A: Well, it sure helps with managing details about science and technology. You see there are two types primary types of science fiction. Hard and Soft. Hard SF is technically accurate (though we may wink at things like faster than light travel or large cheap sources of energy. Hard SF tries to be as realistic as you can be. Soft SF is of two types. One is in the sense that it deals with softer disciplines of science, like psychology, sociology, anthropology, and so on.


The other aspect of Soft-science is where science is not treated realistically or where basic laws of physics are simply not applied. Things like, I bumped my computer, it became aware and took over the world. Or, using common household chemicals I developed a drug that made me super intelligent and immortal. Or you forget about things like inertia, mass, or gravity and end up doing things like walking on the surface of the sun.
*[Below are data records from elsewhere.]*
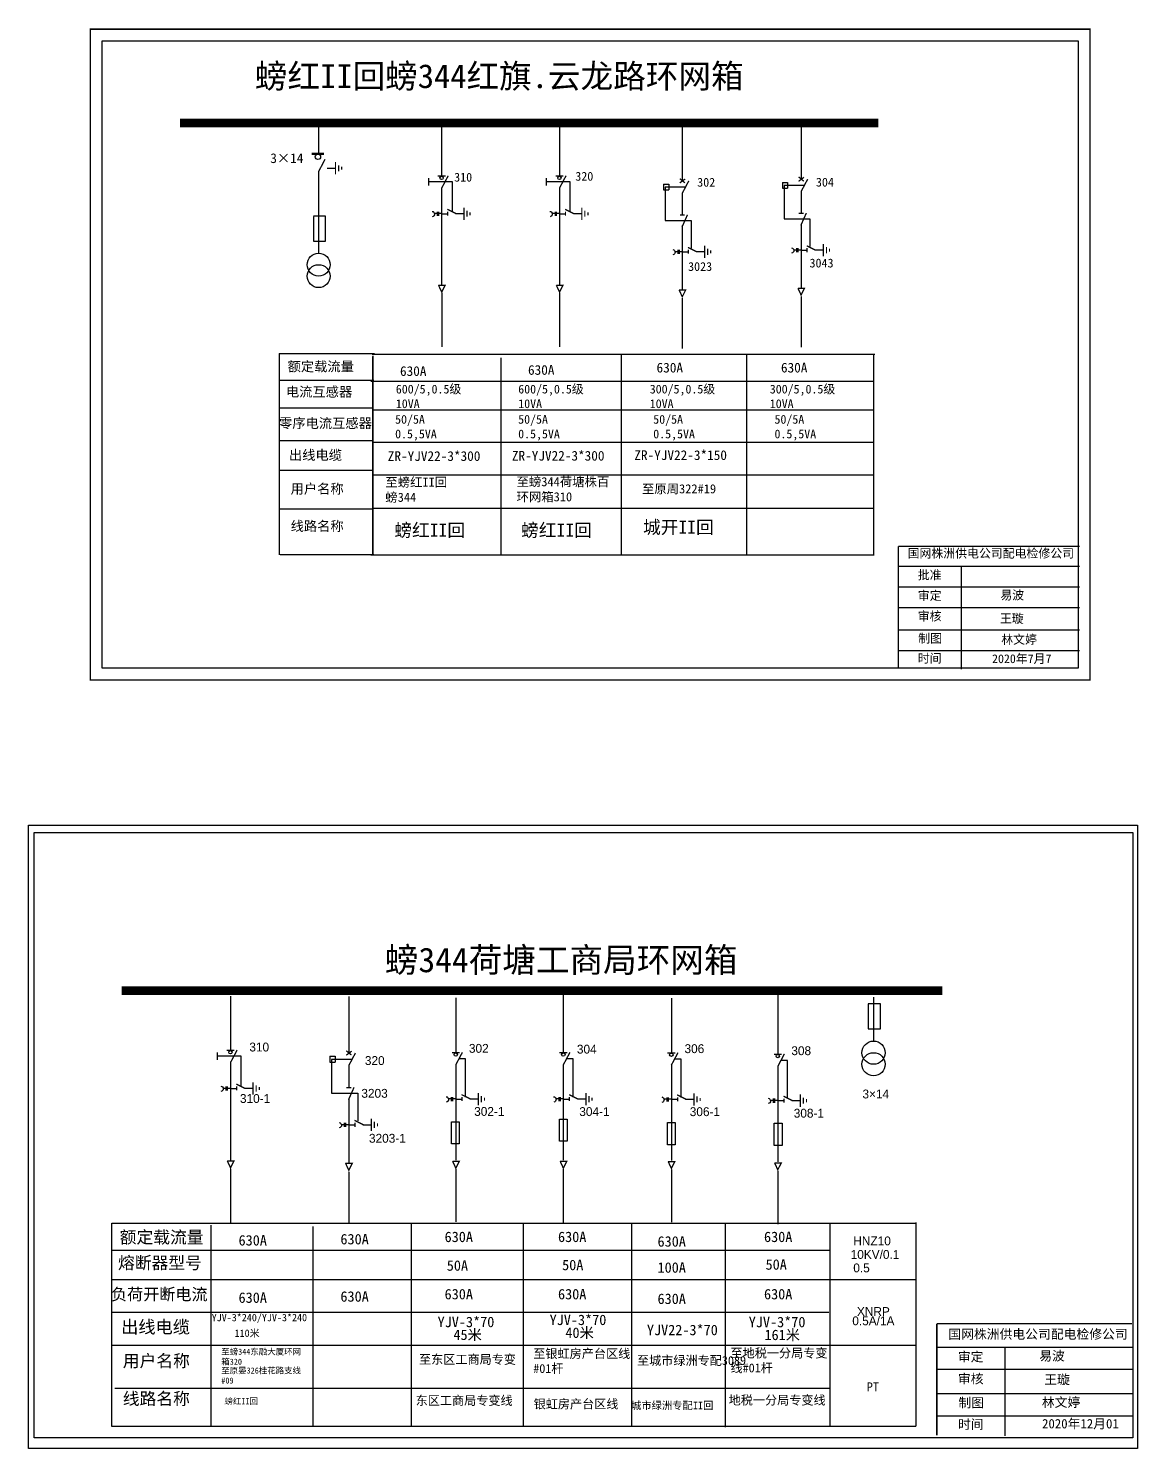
# Model space of a CAD drawing. Extents: x 27 to 779, y -100 to 136.
# Drawn here: x 27 to 210.7, y -99.3 to 136 of the extents above; entities that cross this region are included whole.
import ezdxf

# ---------------------------------------------------------------- set-up
doc = ezdxf.new("R2010")
doc.units = 0
doc.header["$LTSCALE"] = 0.774411
doc.linetypes.add('ACAD_ISO02W100', pattern=[15, 12, -3])
doc.linetypes.add('CENTER', pattern=[50.8, 31.75, -6.35, 6.35, -6.35])
doc.layers.get('0').update_dxf_attribs({"linetype": 'CONTINUOUS'})
doc.layers.add('2', color=7, linetype='CONTINUOUS')
doc.styles.add('hztxt_txtstyle_0.00_0_0', font='simkai.ttf')
doc.styles.add('hztxt_txtstyle_1.80_0_0', font='', dxfattribs={"height": 1.8, "bigfont": 'hztxt.shx'})
doc.styles.add('hztxt_txtstyle_2.70_0_0', font='simkai.ttf', dxfattribs={"height": 2.7})
doc.styles.add('STYLE1', font='txt.shx', dxfattribs={"height": 2.6})
doc.styles.add('字体', font='simkai_0.ttf', dxfattribs={"height": 2.5})
doc.styles.add('楷体_GB2312_txtstyle_1.09_0_0', font='simkai_0.ttf', dxfattribs={"height": 1.0944})
doc.styles.get('hztxt_txtstyle_1.80_0_0').set_extended_font_data('hztxt')

# ---------------------------------------------------------------- blocks, each defined once
blk = doc.blocks.new('JD')
for points in [[(-2, 0.2), (-2, -0.2), (2, 0.2), (2, -0.2)], [(1, -1.2), (1, -0.8), (-1, -1.2), (-1, -0.8)], [(-0.5, -1.8), (-0.5, -2.2), (0.5, -1.8), (0.5, -2.2)]]:
    blk.add_trace(points)

msp = doc.modelspace()

# ---------------------------------------------------------------- linework, layer by layer
at = {"color": 0}
for p, q in [((75.01, 120.06), (75.01, 115.29)), ((95.43, 120.44), (95.43, 111.57)), ((114.95, 120.44), (114.95, 111.57)), ((135.3, 120.03), (135.3, 110.72)), ((154.98, 120.31), (154.98, 110.99)), ((75.04, 112.33), (75.04, 98.79)), ((76.46, 112.87), (77.83, 112.87)), ((95.43, 109.59), (95.43, 93.47)), ((114.95, 109.59), (114.95, 93.47)), ((132.2, 110.21), (133.07, 110.21)), ((132.2, 110.21), (132.2, 109.25)), ((132.2, 109.25), (133.07, 109.25)), ((133.07, 110.21), (133.07, 109.25)), ((135.3, 108.74), (135.3, 105.15)), ((151.89, 110.49), (152.76, 110.49)), ((151.89, 110.49), (151.89, 109.53)), ((151.89, 109.53), (152.76, 109.53)), ((152.76, 110.49), (152.76, 109.53)), ((154.98, 109.02), (154.98, 105.42)), ((95.43, 105.31), (96.43, 105.31)), ((97.74, 105.34), (99.11, 105.34)), ((114.95, 105.31), (115.95, 105.31)), ((117.26, 105.34), (118.63, 105.34)), ((154.98, 103.63), (154.98, 93.02)), ((135.3, 103.35), (135.3, 92.74)), ((135.3, 98.99), (136.3, 98.99)), ((137.61, 99.02), (138.98, 99.02)), ((154.98, 99.27), (155.98, 99.27)), ((157.29, 99.3), (158.66, 99.3)), ((84.17, 77.65), (68.63, 77.65)), ((84.11, 73.08), (68.57, 73.08)), ((84.11, 67.68), (68.57, 67.68)), ((84.05, 62.76), (68.51, 62.76)), ((84.11, 56.36), (68.56, 56.36))]:
    msp.add_line(p, q, dxfattribs=at)
at = {"color": 0, "linetype": 'ACAD_ISO02W100'}
for p, q in [((135.73, 109.71), (132.48, 109.71)), ((132.48, 109.71), (132.48, 104.18)), ((155.42, 109.99), (152.16, 109.99)), ((152.16, 109.99), (152.16, 104.46)), ((132.48, 104.18), (136.77, 104.18)), ((136.77, 104.18), (136.77, 99.62)), ((152.16, 104.46), (156.45, 104.46)), ((156.45, 104.46), (156.45, 99.89))]:
    msp.add_line(p, q, dxfattribs=at)
at = {"color": 0, "linetype": 'CENTER'}
for p, q in [((95.44, 92.17), (95.44, 83.26)), ((114.96, 92.17), (114.96, 83.26)), ((135.3, 91.32), (135.3, 82.95)), ((154.99, 91.59), (154.99, 83.22))]:
    msp.add_line(p, q, dxfattribs=at)
at = {"color": 0, "linetype": 'Continuous'}
for p, q in [((68.53, 82.12), (84.31, 82.12)), ((68.59, 48.81), (68.59, 82.12)), ((83.91, 82.02), (167.23, 82.02)), ((83.97, 81.66), (83.97, 48.72)), ((84.03, 81.76), (84.03, 48.96)), ((105.23, 81.44), (105.23, 48.74)), ((125.19, 81.96), (125.19, 48.72)), ((145.96, 81.96), (145.96, 48.72)), ((167, 81.94), (167, 48.69)), ((83.72, 77.57), (167, 77.57)), ((83.97, 72.79), (167, 72.79)), ((83.97, 67.44), (167, 67.44)), ((83.97, 62.03), (167, 62.03)), ((83.97, 56.52), (167, 56.52)), ((84.21, 48.81), (68.7, 48.81)), ((167, 48.71), (83.71, 48.71)), ((171.09, 46.92), (201.12, 46.92)), ((181.52, 46.92), (181.52, 29.85)), ((171.09, 43.5), (201.12, 43.5)), ((171.09, 40.08), (201.12, 40.08)), ((171.09, 36.34), (201.12, 36.34)), ((171.09, 32.92), (201.12, 32.92))]:
    msp.add_line(p, q, dxfattribs=at)
for p, q in [((60.44, -24.31), (60.44, -33.28)), ((80.04, -24.36), (80.04, -33.78)), ((97.77, -24.59), (97.77, -33.66)), ((115.59, -23.64), (115.59, -33.66)), ((133.49, -24.64), (133.49, -33.7)), ((151.12, -23.9), (151.12, -33.92)), ((166.96, -24.48), (166.96, -31.85)), ((60.44, -35.28), (60.44, -51.59)), ((76.91, -34.29), (77.79, -34.29)), ((76.91, -34.29), (76.91, -35.27)), ((76.91, -35.27), (77.79, -35.27)), ((77.79, -34.29), (77.79, -35.27)), ((80.04, -35.78), (80.04, -39.42)), ((97.77, -35.66), (97.77, -51.51)), ((115.59, -35.66), (115.59, -51.51)), ((133.49, -35.71), (133.49, -51.56)), ((151.12, -35.92), (151.12, -51.77)), ((60.44, -39.62), (61.46, -39.62)), ((62.78, -39.59), (64.16, -39.59)), ((80.04, -41.24), (80.04, -51.97)), ((97.77, -41.37), (98.79, -41.37)), ((100.11, -41.34), (101.5, -41.34)), ((115.59, -41.37), (116.6, -41.37)), ((117.93, -41.34), (119.31, -41.34)), ((133.49, -41.42), (134.51, -41.42)), ((135.83, -41.39), (137.21, -41.39)), ((151.12, -41.63), (152.13, -41.63)), ((153.46, -41.6), (154.84, -41.6)), ((80.04, -45.64), (81.06, -45.64)), ((82.38, -45.62), (83.76, -45.62))]:
    msp.add_line(p, q)
at = {"linetype": 'ACAD_ISO02W100'}
for p, q in [((80.48, -34.8), (77.19, -34.8)), ((77.19, -34.8), (77.19, -40.4)), ((77.19, -40.4), (81.53, -40.4)), ((81.53, -40.4), (81.53, -45.01))]:
    msp.add_line(p, q, dxfattribs=at)
at = {"linetype": 'CENTER'}
for p, q in [((60.45, -52.91), (60.45, -61.93)), ((80.05, -53.41), (80.05, -61.88)), ((97.78, -53.01), (97.78, -61.73)), ((115.59, -53.01), (115.59, -61.83)), ((133.5, -53.06), (133.5, -61.78)), ((151.12, -53.27), (151.12, -62.09))]:
    msp.add_line(p, q, dxfattribs=at)
at = {"linetype": 'Continuous'}
for p, q in [((40.76, -61.91), (173.88, -61.91)), ((40.76, -95.61), (40.76, -61.91)), ((57.18, -62.27), (57.18, -95.6)), ((74.1, -62.49), (74.1, -95.58)), ((90.37, -61.97), (90.37, -95.6)), ((108.94, -61.97), (108.94, -95.6)), ((126.86, -61.99), (126.86, -95.62)), ((142.4, -62.11), (142.4, -95.74)), ((159.77, -61.93), (159.77, -95.63)), ((174.02, -61.85), (174.02, -95.56)), ((40.76, -66.41), (159.74, -66.41)), ((40.76, -71.25), (173.88, -71.25)), ((40.76, -76.66), (159.6, -76.66)), ((40.76, -82.14), (174.02, -82.14)), ((177.5, -82.47), (209.84, -82.47)), ((188.72, -82.47), (188.72, -97.17)), ((177.5, -86.15), (209.84, -86.15)), ((41.3, -89.25), (159.62, -89.25)), ((177.5, -90.17), (209.84, -90.17)), ((177.5, -93.86), (209.84, -93.86)), ((174.02, -95.61), (40.76, -95.61))]:
    msp.add_line(p, q, dxfattribs=at)
at = {"color": 0, "linetype": 'Continuous', "const_width": 0.241}
msp.add_lwpolyline([(37.22, 135.88), (202.86, 135.88), (202.86, 28.04), (37.22, 28.04)], close=True, dxfattribs=at)
at = {"color": 0, "linetype": 'Continuous'}
msp.add_lwpolyline([(39.17, 133.94), (200.91, 133.94), (200.91, 29.99), (39.17, 29.99)], close=True, dxfattribs=at)
at = {"color": 0}
for points, const_width in [([(52.08, 120.33), (167.81, 120.33)], 1.45), ([(73.92, 115.22), (75.96, 115.22)], 0.345), ([(75.04, 112.28), (76.12, 114.34)], 0.217), ([(94.79, 111.54), (96.07, 111.54)], 0.217), ([(95.43, 109.53), (96.52, 111.6)], 0.217), ([(114.31, 111.54), (115.59, 111.54)], 0.217), ([(114.95, 109.53), (116.04, 111.6)], 0.217), ([(134.88, 110.4), (135.77, 111.06)], 0.217), ([(134.89, 111.12), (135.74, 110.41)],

For those who have even an inkling of understanding of science, such things are as offensive as stating that 2 plus 2 is 22.


Q. You also flew F-4 Phantom Jets. What can you tell us about that? (Or is this classified?!)


A: Oh…well. When I went to college, the Vietnam war was still raging. Many of my classmates were drafted right out of college and spent the next couple years in foxholes in distant jungles. I had a very low draft number and would have been drafted, so I joined the Marines and qualified for their pilot training program. I got my private license and after college went into the marines. Fortunately, the month that I got my wings, the US pulled out of Vietnam. I never served in combat and count myself lucky in several ways. But I did have a few incredible experiences, like walking away from a plane crash, and flying at Mach 2 fifty feet above the surface of the Arizona desert. I later served as an air traffic controller too. It was…amazing.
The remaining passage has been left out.